▶ [Task statement]:
Within these entries, which lines include the string "part"? Copy each one.

:: Working data

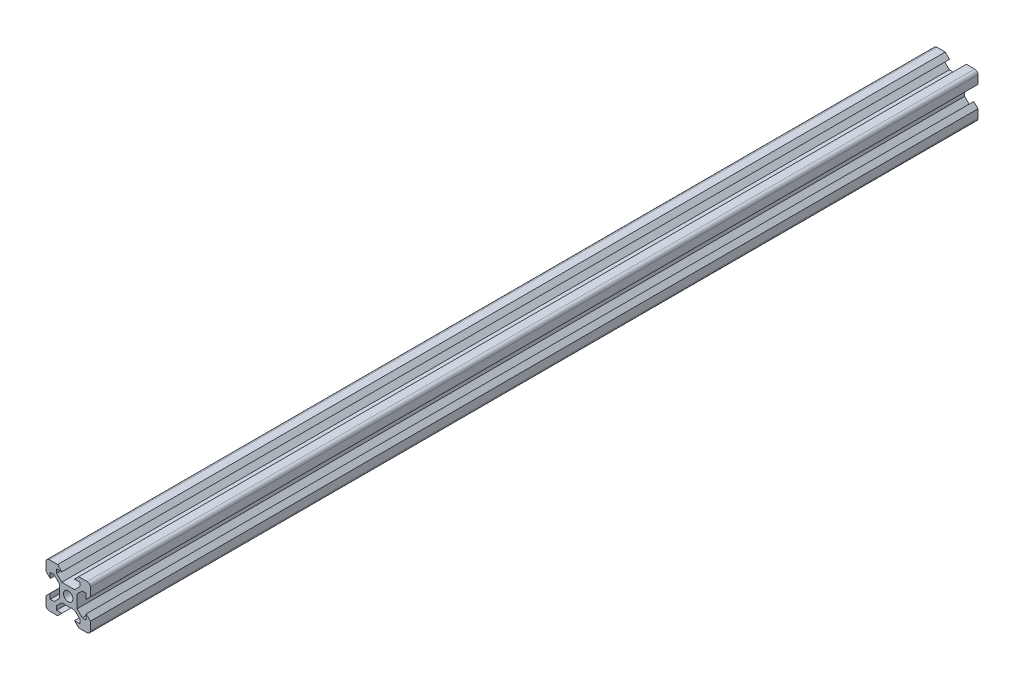
from build123d import *

# Parameters (mm, degrees)
SKETCH1_R           = 2.125
BOSS_EXTRUDE1_DEPTH = 400


with BuildPart() as part:
    # Sketch1 → Boss-Extrude1 (new body)
    with BuildSketch(Plane.XY):
        with BuildLine():
            Line((8.1, 5.225), (8.1, 2.85))
            Line((8.1, 2.85), (10, 4.75))
            Line((10, 4.75), (10, 8.5))
            ThreePointArc((10, 8.5), (9.560660172, 9.560660172), (8.5, 10))
            Line((8.5, 10), (4.75, 10))
            Line((4.75, 10), (2.85, 8.1))
            Line((2.85, 8.1), (5.225, 8.1))
            Line((5.225, 8.1), (5.225, 6.325))
            Line((5.225, 6.325), (2.9, 4))
            Line((2.9, 4), (-2.9, 4))
            Line((-2.9, 4), (-5.225, 6.325))
            Line((-5.225, 6.325), (-5.225, 8.1))
            Line((-5.225, 8.1), (-2.85, 8.1))
            Line((-2.85, 8.1), (-4.75, 10))
            Line((-4.75, 10), (-8.5, 10))
            ThreePointArc((-8.5, 10), (-9.560660172, 9.560660172), (-10, 8.5))
            Line((-10, 8.5), (-10, 4.75))
            Line((-10, 4.75), (-8.1, 2.85))
            Line((-8.1, 2.85), (-8.1, 5.225))
            Line((-8.1, 5.225), (-6.325, 5.225))
            Line((-6.325, 5.225), (-4, 2.9))
            Line((-4, 2.9), (-4, -2.9))
            Line((-4, -2.9), (-6.325, -5.225))
            Line((-6.325, -5.225), (-8.1, -5.225))
            Line((-8.1, -5.225), (-8.1, -2.85))
            Line((-8.1, -2.85), (-10, -4.75))
            Line((-10, -4.75), (-10, -8.5))
            ThreePointArc((-10, -8.5), (-9.560660172, -9.560660172), (-8.5, -10))
            Line((-8.5, -10), (-4.75, -10))
            Line((-4.75, -10), (-2.85, -8.1))
            Line((-2.85, -8.1), (-5.225, -8.1))
            Line((-5.225, -8.1), (-5.225, -6.325))
            Line((-5.225, -6.325), (-2.9, -4))
            Line((-2.9, -4), (2.9, -4))
            Line((2.9, -4), (5.225, -6.325))
            Line((5.225, -6.325), (5.225, -8.1))
            Line((5.225, -8.1), (2.85, -8.1))
            Line((2.85, -8.1), (4.75, -10))
            Line((4.75, -10), (8.5, -10))
            ThreePointArc((8.5, -10), (9.560660172, -9.560660172), (10, -8.5))
            Line((10, -8.5), (10, -4.75))
            Line((10, -4.75), (8.1, -2.85))
            Line((8.1, -2.85), (8.1, -5.225))
            Line((8.1, -5.225), (6.325, -5.225))
            Line((6.325, -5.225), (4, -2.9))
            Line((4, -2.9), (4, 2.9))
            Line((4, 2.9), (6.325, 5.225))
            Line((6.325, 5.225), (8.1, 5.225))
        make_face()
        Circle(SKETCH1_R, mode=Mode.SUBTRACT)
    extrude(amount=BOSS_EXTRUDE1_DEPTH)


solid = part.part

::::

▶ [Response to the task]:
with BuildPart() as part:
solid = part.part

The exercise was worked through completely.